WHAT IS REQUIRED
Only the lines from the beginning of the entries through the one that holds "(-23.57517962269594, -62), dxfattribs=at)" may appear in the answer, written out exactly and free of pictures.

SOURCE DATA
════

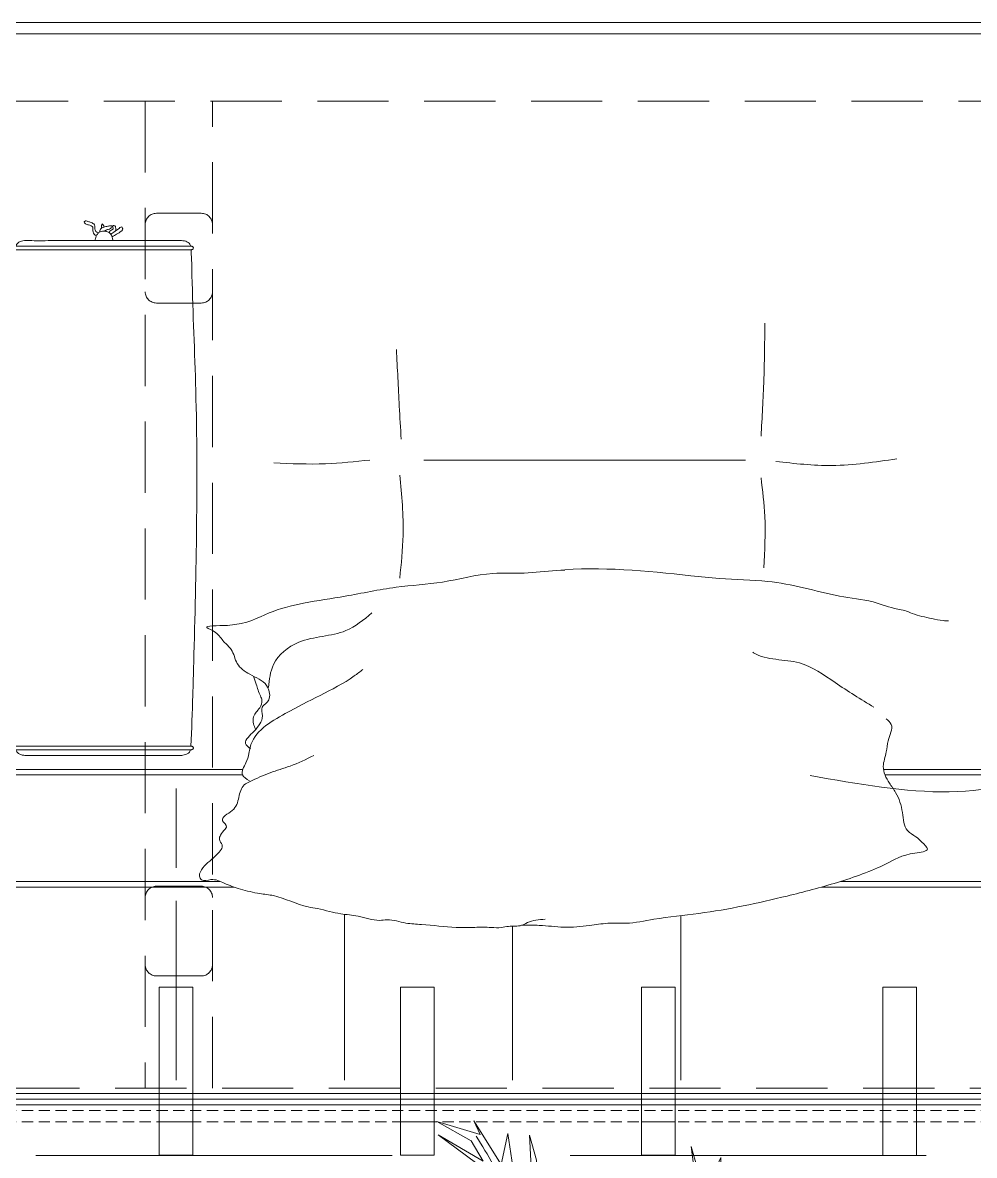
# Model space of a CAD drawing. Header units: centimetres. Extents: x 5488 to 20269, y -31398 to -19684.
# Drawn here: x 16483 to 16567.9, y -23979.2 to -23878.2 of the extents above; entities that cross this region are included whole.
import ezdxf

# ---------------------------------------------------------------- set-up
doc = ezdxf.new("R2010")
doc.units = ezdxf.units.CM
doc.set_wipeout_variables(frame=1)
for name, pattern in [('DASHED2', [9.524999999999999, 6.35, -3.175]), ('DASHEDX2', [1.5, 1, -0.5]), ('HIDDEN', [9.524999999999999, 6.35, -3.175])]:
    doc.linetypes.add(name, pattern=pattern)
doc.layers.add('wipeout', color=7, linetype='Continuous', true_color=0xffffff)
for name, color, linetype, lineweight in [('xxx_Auto_FFE_UPHOLSTERY', 67, 'Continuous', 20), ('xxx_Auto_FFE_WOOD', 36, 'Continuous', 0), ('xxx_Auto_Tefris_Tefris', 32, 'Continuous', 15)]:
    doc.layers.add(name, color=color, linetype=linetype, lineweight=lineweight)
doc.layers.add('xxx_Auto_LANDSCAPE', color=7, linetype='Continuous', lineweight=0, true_color=0x496639)

# ---------------------------------------------------------------- blocks, each defined once
blk = doc.blocks.new('A$C5c4a7a0b')
blk.add_line((-123.2500293273924, -101), (116.2500293273924, -101))
at = {"layer": 'xxx_Auto_FFE_UPHOLSTERY', "linetype": 'DASHEDX2'}
blk.add_line((118.7499999999936, -4), (-115.8660547311756, -4), dxfattribs=at)
at = {"layer": 'xxx_Auto_FFE_UPHOLSTERY'}
blk.add_line((-52.26682673236246, -62), (-23.57517962269594, -62), dxfattribs=at)
at = {"layer": 'xxx_Auto_FFE_UPHOLSTERY', "linetype": 'DASHEDX2'}
blk.add_lwpolyline([(118.7500293273852, -3), (-116.0000293273915, -3)], dxfattribs=at)
at = {"layer": 'xxx_Auto_FFE_UPHOLSTERY'}
for points in [[(114.7500293273915, -24.41421356237333), (-101.7500293273824, -24.4142135623697, -0.4142135623729902), (-105.7500293273824, -20.41421356237333), (-105.7500293273897, -9, -0.4142135623732038), (-101.7500293273897, -5), (114.7499999999955, -5), (118.7499999999955, -9)], [(118.7499999999955, -9), (118.7500000000027, -30.4142135623697, -0.4142135623732038), (114.7500000000027, -34.41421356237333), (-85.75002932739153, -34.4142135623697)], [(118.2499999999991, -22.35070523547984), (118.2500000000027, -30.4142135623697, -0.414213562373095), (114.7500000000027, -33.9142135623697), (-85.75002932739153, -33.9142135623697)], [(-129.2500293273915, -85), (-129.2500293273915, -95, 0.414213562373095), (-123.2500293273915, -101), (116.2500293273924, -101)], [(-128.2500293273915, -84.86602540378226), (-128.2500293273915, -95, 0.4142135623730951), (-123.2500293273915, -100), (116.2500293273924, -100), (120.6937358633568, -97.74090608043844)]]:
    blk.add_lwpolyline(points, format="xyb", dxfattribs=at)
blk.add_lwpolyline([(114.7499999999955, -5.5, -0.4142135623729428), (118.2499999999955, -9), (118.2500000000027, -20.4142135623697, -0.414213562373095), (114.7500000000027, -23.9142135623697), (-101.7500293273824, -23.9142135623697, -0.414213562373095), (-105.2500293273806, -20.41421356237333), (-105.2500293273897, -9, -0.4142135623732472), (-101.7500293273897, -5.5)], format="xyb", close=True, dxfattribs=at)
for points in [[(-46.50002932738789, -6.70710678121759), (-46.50002932738789, -22.70710678121759)], [(-31.50002932738789, -6.70710678121759), (-31.50002932738789, -22.70710678121759)], [(-16.50002932738789, -6.70710678121759), (-16.50002932738789, -22.70710678121759)], [(-1.500029327387892, -6.707106781221228), (-1.500029327387892, -22.70710678122123)], [(-46.50002932738062, -25.62132034359092), (-46.50002932738062, -32.70710678121031)], [(-31.50002932738062, -25.62132034359092), (-31.50002932738062, -32.70710678121031)], [(-16.50002932738062, -25.62132034359092), (-16.50002932738062, -32.70710678121395)], [(-1.500029327380616, -25.62132034359092), (-1.500029327380616, -32.70710678121395)]]:
    blk.add_lwpolyline(points, dxfattribs=at)
for points in [[(-2.867736864702238, -36.16829305965803), (-2.791533038851412, -36.16013036361255), (-2.562142733038854, -36.16172122945864), (-2.014284490356658, -36.16172122945864), (-1.470879469097781, -36.16500714455833), (1.848666314610455, -36.16172122945864), (2.447990528004084, -36.16172122945864), (5.079560592426787, -36.16172122945864), (6.300744805617796, -36.16172122945864), (7.539125224398958, -36.16172122945864), (8.569523687090623, -36.16172122945864), (9.116481581941116, -36.16172122945864), (10.29011281558633, -36.16172122945864), (10.90036280909226, -36.16172122945864), (11.34237631310134, -36.16172122945864), (12.3213357581044, -36.16172122945864), (12.67223971127714, -36.1614230319683), (12.78503136550898, -36.16172122945864), (12.83783861533266, -36.16635321979265), (12.90884746092524, -36.1825317509647), (12.96906820966069, -36.21499036810565), (13.00699450614593, -36.2532940736055), (13.02466683868079, -36.28220525146753), (13.03124021457188, -36.32601768697714), (13.02466683868079, -36.36763957096264), (13.00056403252711, -36.40707072779333), (12.96081882878025, -36.44342237349338), (12.8844331937089, -36.47607520833844), (12.79459611518541, -36.49031414449564), (12.70326597782696, -36.49031414449564), (12.5592372005267, -36.49031414449564), (12.2733608491144, -36.49031414449564), (12.01881906152266, -36.49031414449564), (11.65396080314895, -36.49031414449564), (11.17360282613481, -36.49031414449564), (10.83041401215451, -36.49031414449564), (8.002699886876144, -36.49585066608779), (6.682678879056766, -36.49031414449564), (5.166079824197368, -36.49031414449564), (3.818076985373409, -36.49031414449564), (2.992911633709809, -36.49031414449564), (0.9700460699750693, -36.49031414449564), (-2.085496789912213, -36.49031414449564), (-2.557726374639969, -36.49031414449564), (-2.795084443121596, -36.49031414449564), (-2.814082551367392, -36.48948958284018), (-2.867736864702238, -36.48374231429625), (-2.924706807039911, -36.46840810238064), (-2.978771810543549, -36.44279846771678), (-3.012352674690192, -36.40707072779333), (-3.036455480842051, -36.36763957096264), (-3.04522006760817, -36.32601768697714), (-3.036455480842051, -36.28220525146753), (-3.012352674690192, -36.24277409463684), (-2.975103116756145, -36.20991476800918), (-2.924706807039911, -36.18362744721526), (-2.867736864702238, -36.16829305965803)], [(-2.792142271760895, -36.16172122945864), (-2.650813149719397, -35.89884679204988), (-2.420742426222205, -35.76302820684577), (-2.004424169788763, -35.66225967543141), (-1.440978150754745, -35.65973623895115), (-0.05649264322892122, -35.65130656655674), (2.767262480503632, -35.65616139901977), (9.506286840276516, -35.65313118230551), (11.07344849581023, -35.65678312099408), (11.79214538073757, -35.66225967543141), (11.9926355276275, -35.66225967543141), (12.28624944098556, -35.71483466829523), (12.56452539169004, -35.83889849019033), (12.70914120167618, -35.98647148742748), (12.76391993314064, -36.08943074599665), (12.78667428988228, -36.16829305965803)], [(-2.828951952405987, -36.48853750923445), (-2.990373818276566, -41.02267320532701), (-3.072582740560392, -43.91764566550046), (-3.253861677136229, -68.20856276118138), (-2.918133436089192, -78.45352208227632), (-2.837060939391449, -80.63318948953383), (-2.82866337899577, -80.7507268126792)], [(-21.45036901693129, -60.65776822118278), (-21.73640280443396, -55.28905060324905), (-21.44038698646364, -51.47055564969924)], [(-53.65066379872042, -60.41642881125517), (-53.98697158839605, -56.97452930673899), (-53.90289154159473, -52.37970351941112)], [(-54.98084435629789, -61.87381463613929), (-59.96840776948738, -61.51057073356424), (-65.7486940302988, -62.10497071093778)], [(-18.77667853827552, -62), (-14.8251270966266, -61.66377816653403), (-10.20096007562643, -61.74782887251058)], [(-53.65066379872042, -64.11486897941359), (-53.90289154159473, -69.15819648144316), (-53.98697158839605, -74.20152398347273)], [(-21.56825510836097, -63.86270735669677), (-21.40009501475834, -66.80464364716318), (-21.14786727188584, -71.84797114919274)], [(12.64480120849657, -80.74829657807277), (12.74204977444424, -80.74710168134334), (12.84170573695519, -80.7514829600259), (12.90039252575116, -80.76515479597947), (12.97669516241331, -80.80709903605748), (13.01042981351929, -80.84429471661133), (13.03124021457188, -80.90920758734137), (13.02466683868079, -80.95302002285098), (13.00056403252711, -80.99245117967803), (12.94797651193767, -81.02531050630932), (12.86645509196205, -81.06589084715961), (12.83294115019089, -81.06912294181893), (12.64480120849657, -81.07230932376842), (12.35731404956096, -81.07350422049785), (11.93290864760093, -81.071972225036), (4.709117174445055, -81.07609580103599), (3.143680340579522, -81.07350422049785), (1.030317142556669, -81.06912294181893), (-2.54344689766549, -81.07350422049785), (-2.731885769844666, -81.07131358116021), (-2.821722720002072, -81.06912294181893), (-2.888733663887251, -81.06266396342835), (-2.975103116756145, -81.02531050630932), (-3.036455480842051, -80.95302002285098), (-3.036455480842051, -80.86758587899385), (-2.981784097208219, -80.80118895591295), (-2.924706807039911, -80.76900789909996), (-2.867736864702238, -80.7514829600259), (-2.828812501515131, -80.74866615853898), (-2.670533534123024, -80.74929232068462), (-2.447036443250909, -80.74710168134334), (-2.085496789912213, -80.74710168134334), (3.197282358911252, -80.73262571127998), (7.430581081041964, -80.74710168134334), (8.895446502488994, -80.7514829600259), (11.07892652299597, -80.74710168134334), (12.41662289375563, -80.7514829600259), (12.64480120849657, -80.74829657807277)], [(12.78500465231446, -81.07350422049785), (12.69489884445829, -81.24875378689467), (12.29391855067843, -81.52039078166126), (11.72386091505723, -81.5675531322122), (10.97709703452529, -81.55615013643546), (8.817660570310181, -81.57515615040757), (1.695330773089154, -81.56639368087053), (-0.4359257855612668, -81.58556197570579), (-1.855426194784741, -81.57515615040757), (-2.364898222365809, -81.5036342877138), (-2.57190498969976, -81.40024121001261), (-2.720929843839258, -81.24875378689467), (-2.779433440215143, -81.13482730011674), (-2.798033583772849, -81.06912294181893), (-2.795161517440647, -81.0657944991508)], [(4.124516128889809, -81.57946597335831), (4.193330120286191, -81.856159740375), (4.264705766918269, -82.06224786452367), (4.470882543804692, -82.2738525399327), (4.777813568185593, -82.38951766059836), (5.049743673336707, -82.41057647016714), (5.282159188871447, -82.3482708862357), (5.472210379850367, -82.18687585425141), (5.616409907042907, -81.95432862826783), (5.693380216313017, -81.72212752946871), (5.705553715280985, -81.57971628373343)], [(4.202015818873406, -81.88968315788952), (3.798082364726724, -82.12967569639295), (3.351566272767741, -82.44303553563441), (3.241409904623652, -82.60120081401692), (3.270553442167511, -82.65628732697223), (3.318474331275866, -82.75804684434843), (3.318544617990483, -82.75827806528832), (3.587273842031209, -82.65769871506564), (4.040973242159453, -82.32167028701588), (4.231894469365216, -82.19056731875753), (4.327080506798666, -82.15367383763441)], [(3.888913764296376, -82.43845834348758), (3.873808278893193, -82.61902702102816), (3.894555423057682, -82.73012705676229), (3.908175688968186, -82.82320248227188), (4.039072742527424, -82.90854608227892), (4.120556750020114, -82.89144569842756), (4.158271095209784, -82.84025644961002), (4.120556750020114, -82.6966912802236), (4.113271492156855, -82.60390585003188), (4.228489400569742, -82.52014562031036), (4.406265491410522, -82.3998095547613), (4.46478510516863, -82.32238280618185)], [(5.334251511076218, -82.31666891848727), (5.27463637087385, -82.52354985880811), (5.093206056904819, -82.70329255308752), (4.765830647076655, -82.81380593483482), (4.428438014938365, -82.88052045107179), (4.297770761515494, -82.88405702856835), (4.220387769670197, -82.83898900585336), (4.196399968457627, -82.79556453491386), (4.2910193224252, -82.69004308681542), (4.337372310210412, -82.64396509033395), (4.562502567883712, -82.56194656284788), (4.809507506552109, -82.46922402358905), (4.928712004182671, -82.40048912458224)], [(4.705515308907707, -82.36782549784039), (4.732436799438801, -82.39735804909651), (4.759910553448208, -82.49002769926665)], [(4.904655989283128, -82.77650801280834), (4.953134840046914, -82.87735371050076), (4.992367659069714, -82.9473503664558), (5.03873659673809, -83.00798167021276), (5.075083686968355, -83.05073264253588), (5.124496733036722, -82.98375612007294), (5.159180883772933, -82.93197994727234), (5.147223566636967, -82.85217813691997), (5.13526624950282, -82.77237632656761), (5.118979883547581, -82.68729070563131)], [(5.426237867946838, -82.24732305347425), (5.567313610912606, -82.31414927815786), (5.698923344874856, -82.44208551854172), (5.72971660137955, -82.58555625741428), (5.745723201631336, -82.77134713714986), (5.752942946988696, -82.88020033632347), (5.78612709843037, -82.98261196081876), (6.076034934743802, -83.17666333405941), (6.35871001301166, -83.27948061918505), (6.523119626759581, -83.32649453296472), (6.60413731065637, -83.3113360082134), (6.702328201559794, -83.24018773139687), (6.576638352160444, -83.0667246646517), (6.303657163813114, -82.95831101616204), (5.931070881613778, -82.7504003060385), (5.931070881613778, -82.58555625741428), (5.923837451100553, -82.44084932642727), (5.850488352794855, -82.23086405698268), (5.722781217906231, -82.04227164008626), (5.597349635254432, -81.99324034147867)]]:
    blk.add_spline(points, degree=3, dxfattribs=at)
at = {"layer": 'xxx_Auto_FFE_WOOD', "linetype": 'HIDDEN', "ltscale": 5}
for p, q in [((-64.5, 0), (-64.5, -15)), ((-43, 0), (-43, -15)), ((-21.5, 0), (-21.5, -15)), ((0, 0), (0, -15))]:
    blk.add_line(p, q, dxfattribs=at)
at = {"layer": 'xxx_Auto_FFE_WOOD'}
blk.add_lwpolyline([(109, -3.5), (109, 0.5, 0.414213562373095), (108, 1.5), (-115, 1.5, 0.414213562373095), (-116, 0.5), (-116, -3.5, 0.414213562373095), (-115, -4.5), (108, -4.5, 0.414213562373095)], format="xyb", close=True, dxfattribs=at)
at = {"layer": 'xxx_Auto_FFE_WOOD', "linetype": 'HIDDEN', "ltscale": 5}
for points in [[(-116.0000570244374, 0.003461839729425265), (109, 0)], [(-64.5, -15), (-67.5, -15), (-67.5, 0)], [(-43, 0), (-46, 0)], [(-43, -15), (-46, -15), (-46, 0)], [(-21.5, 0), (-24.5, 0)], [(-21.5, -15), (-24.5, -15), (-24.5, 0)], [(0, 0), (-3, 0)], [(0, -15), (-3, -15), (-3, 0)], [(-46, -3), (-43, -3)], [(-24.5, -3), (-21.5, -3)], [(-3, -3), (0, -3)]]:
    blk.add_lwpolyline(points, dxfattribs=at)
at = {"layer": 'xxx_Auto_FFE_WOOD', "linetype": 'DASHED2'}
blk.add_lwpolyline([(-126.25, -94), (-126.25, -6), (119.2544739990544, -6), (119.2544739990544, -94)], close=True, dxfattribs=at)
blk.add_lwpolyline([(1.25, -94), (1.25, -6)], dxfattribs=at)
for points in [[(-4.75, -17, -0.414213562373095), (-3.75, -16), (0.25, -16, -0.414213562373095), (1.25, -17)], [(1.25, -77, 0.414213562373095), (0.25, -76), (-3.75, -76, 0.414213562373095), (-4.75, -77)], [(-4.75, -83, 0.414213562373095), (-3.75, -84), (0.25, -84, 0.414213562373095), (1.25, -83)]]:
    blk.add_lwpolyline(points, format="xyb", dxfattribs=at)
at = {"layer": 'xxx_Auto_FFE_WOOD'}
blk.add_lwpolyline([(119.25, -100), (-126.25, -100, -0.4142135623730945), (-132.25, -94), (-132.25, -85)], format="xyb", dxfattribs=at)
blk.add_wipeout([(-68.29285845729521, -47.991885383711306), (-69.42694414198684, -47.742505627008455), (-70.00689607061288, -47.66688399685496), (-70.37556938732081, -47.65911859860515), (-70.87305490970951, -47.52993396364617), (-71.08086990515613, -47.3533804322724), (-71.1888391589583, -47.124514059994425), (-71.20720346671587, -46.884159210856765), (-71.20720346671806, -46.88415921086643), (-70.82787550701661, -46.78266180667417), (-70.5703478729688, -46.80994073508063), (-70.2215946998758, -46.67581328137359), (-69.96206625320443, -46.27505077970609), (-69.69228514336567, -45.525245537785196), (-69.46413850402581, -45.00044183903191), (-68.70316537670698, -44.254926672350805), (-67.73331025304533, -43.60018710712562), (-67.07714456739963, -42.99119554124313), (-66.52137026695593, -41.99246496220839), (-65.89632832805091, -40.869521393592564), (-65.60025707374619, -40.11244104074913), (-65.377771966833, -39.58589642001911), (-64.95947080333247, -39.046092776665375), (-64.8339155526691, -38.90403780710898), (-65.17242457454887, -38.55734212894764), (-65.29179336605415, -38.28820872886024), (-65.30620543125283, -37.99294196787291), (-65.22103787597597, -37.66299057625544), (-65.06629166765869, -37.22855076989177), (-64.96252676838094, -36.87604974565603), (-64.74066868782639, -35.64396482445662), (-64.60945311325226, -35.18482316836479), (-64.54929012496885, -34.6829931563891), (-64.60944296361004, -34.21105295294839), (-64.73479957436149, -33.84530627227177), (-65.23762761116072, -32.97092628922397), (-65.72814393229383, -32.213249301685565), (-65.98307340889917, -31.646574180772078), (-66.12662547836962, -31.188894477093996), (-66.29233904575283, -30.281279692507837), (-66.4412596176165, -29.46200306844092), (-66.57308549542053, -29.150282529218998), (-66.77725534890715, -28.887098410974147), (-67.1384771786344, -28.613651028443797), (-67.40197877122144, -28.43923422476159), (-67.72317270648006, -28.177040934515347), (-67.94233533120074, -27.969754233023863), (-68.12773498781475, -27.79379496867216), (-68.31708339949905, -27.59916395367145), (-68.42282255164994, -27.461495275590522), (-68.47446372170947, -27.34301661779307), (-68.43569279610831, -27.21544352469624), (-68.3509395668407, -27.15532375405911), (-68.18013450366337, -27.092931891118653), (-67.97481935740703, -27.048053121295638), (-67.61187198158146, -26.998210178104088), (-67.15493917547633, -26.920918532141712), (-66.79631359220399, -26.842893757967047), (-66.4540117219337, -26.74656321397012), (-65.67920480402462, -26.440794824128147), (-64.06747647342945, -25.642844186613473), (-61.68556670716213, -24.729830499751856), (-59.61030126868701, -24.08354252800767), (-56.18033560952185, -23.173946523958975), (-52.46385626259144, -22.32380201248546), (-48.24474695137451, -21.590342407620298), (-44.732489040292286, -21.15079172359806), (-42.42563913138623, -20.768594886724003), (-40.99733484629559, -20.69070452290761), (-39.699445706425976, -20.667710992629267), (-38.67942586346556, -20.517324868830627), (-37.792119512244504, -20.420592924647977), (-36.54243172605693, -20.343421001136733), (-35.24359416972667, -20.39851663274119), (-33.873068365453356, -20.50553495562994), (-32.29851145629616, -20.511106539591097), (-31.628792087608996, -20.414653585855106), (-30.77147088381203, -20.41625132566999), (-29.12466004363823, -20.295130260212744), (-27.534410543967834, -20.171044263977166), (-26.12066363867057, -20.197785519091894), (-25.410333394064793, -20.275038016081126), (-24.250299357012267, -20.25872948800128), (-23.239703252336145, -20.27562481950828), (-22.644704604128226, -20.238398174251998), (-21.97259994760681, -20.182533925496784), (-20.382728692944372, -20.226392443765747), (-31.110550738566037, -20.299672677036597), (-29.878679889011714, -20.31687087753663), (-28.697592913182543, -20.325302890834863), (-27.396869873059444, -20.320597321385094), (-26.269208318795037, -20.333159558618746), (-25.250320410706244, -20.406360681327897), (-23.704101765244545, -20.555662435527523), (-22.73840775298047, -20.6171831768106), (-21.947660639749746, -20.721860778896854), (-21.224311774023207, -20.885084740960593), (-20.604729419766056, -20.991249528471485), (-19.71908556461067, -20.957820656657375), (-19.255202691887675, -20.975417772188393), (-18.53922803624894, -21.126360767846137), (-17.852877360459168, -21.306503954378712), (-17.073114160732647, -21.431859147986643), (-15.858539001998817, -21.59390810425961), (-15.158357960740815, -21.754677442386665), (-14.164495164174667, -21.990098432800934), (-13.499744881266846, -22.103668278693732), (-12.687327395841805, -22.303845128418033), (-12.112487199113161, -22.503211639567013), (-11.628124216275658, -22.68736260472633), (-11.209119932667374, -22.859907135032373), (-10.609134696922052, -23.11697991790801), (-9.691271913005089, -23.24303449933454), (-9.117749392371433, -23.356913907607918), (-8.05685535114041, -23.519529107550582), (-7.29909768733858, -23.718404809202042), (-6.854957895811889, -23.81964613208602), (-6.127935768153584, -24.1260936679913), (-5.706568090810908, -24.309455217528694), (-5.232731504194888, -24.50655682801211), (-4.7793147785522265, -24.592688113251455), (-4.252608373451224, -24.52195102110001), (-3.9607864623381204, -24.49810575717126), (-3.7803573556509633, -24.562847055213254), (-3.632460946919238, -24.768286604441897), (-3.59106927946835, -24.96253118519759), (-3.6337051119287267, -25.213689628286488), (-3.7251820962973667, -25.40238822800987), (-3.914634342900385, -25.65205383106172), (-4.153186206433574, -25.92321090097809), (-4.491242192363735, -26.16819249171158), (-5.2202460238992785, -26.893655105450947), (-5.504327007962633, -27.24797451062311), (-5.586340727203332, -27.721019199885887), (-5.394372749062271, -28.070400437017696), (-5.478506980135631, -28.59058646434802), (-5.674274846240074, -28.86593811237914), (-5.831401669173879, -29.04483226434357), (-5.981119544712492, -29.25204577014523), (-5.832568981234466, -29.588319561278055), (-5.630180612067296, -29.978307053809445), (-5.853200617833203, -30.276398811202895), (-6.087792050187314, -30.41726117612565), (-6.404926005723947, -30.664624963990576), (-6.64872694658639, -30.884862418573107), (-6.792414768112675, -30.984260215745053), (-6.970401674543016, -31.468598300404224), (-7.169302302872207, -32.36394977680655), (-7.318921422297137, -32.67779121324793), (-7.570169199185909, -33.0303073685333), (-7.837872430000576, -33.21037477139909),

════

TASK SOLUTION
# Model space of a CAD drawing. Header units: centimetres. Extents: x 5488 to 20269, y -31398 to -19684.
# Drawn here: x 16483 to 16567.9, y -23979.2 to -23878.2 of the extents above; entities that cross this region are included whole.
import ezdxf

# ---------------------------------------------------------------- set-up
doc = ezdxf.new("R2010")
doc.units = ezdxf.units.CM
doc.set_wipeout_variables(frame=1)
for name, pattern in [('DASHED2', [9.524999999999999, 6.35, -3.175]), ('DASHEDX2', [1.5, 1, -0.5]), ('HIDDEN', [9.524999999999999, 6.35, -3.175])]:
    doc.linetypes.add(name, pattern=pattern)
doc.layers.add('wipeout', color=7, linetype='Continuous', true_color=0xffffff)
for name, color, linetype, lineweight in [('xxx_Auto_FFE_UPHOLSTERY', 67, 'Continuous', 20), ('xxx_Auto_FFE_WOOD', 36, 'Continuous', 0), ('xxx_Auto_Tefris_Tefris', 32, 'Continuous', 15)]:
    doc.layers.add(name, color=color, linetype=linetype, lineweight=lineweight)
doc.layers.add('xxx_Auto_LANDSCAPE', color=7, linetype='Continuous', lineweight=0, true_color=0x496639)

# ---------------------------------------------------------------- blocks, each defined once
blk = doc.blocks.new('A$C5c4a7a0b')
blk.add_line((-123.2500293273924, -101), (116.2500293273924, -101))
at = {"layer": 'xxx_Auto_FFE_UPHOLSTERY', "linetype": 'DASHEDX2'}
blk.add_line((118.7499999999936, -4), (-115.8660547311756, -4), dxfattribs=at)
at = {"layer": 'xxx_Auto_FFE_UPHOLSTERY'}
blk.add_line((-52.26682673236246, -62), (-23.57517962269594, -62), dxfattribs=at)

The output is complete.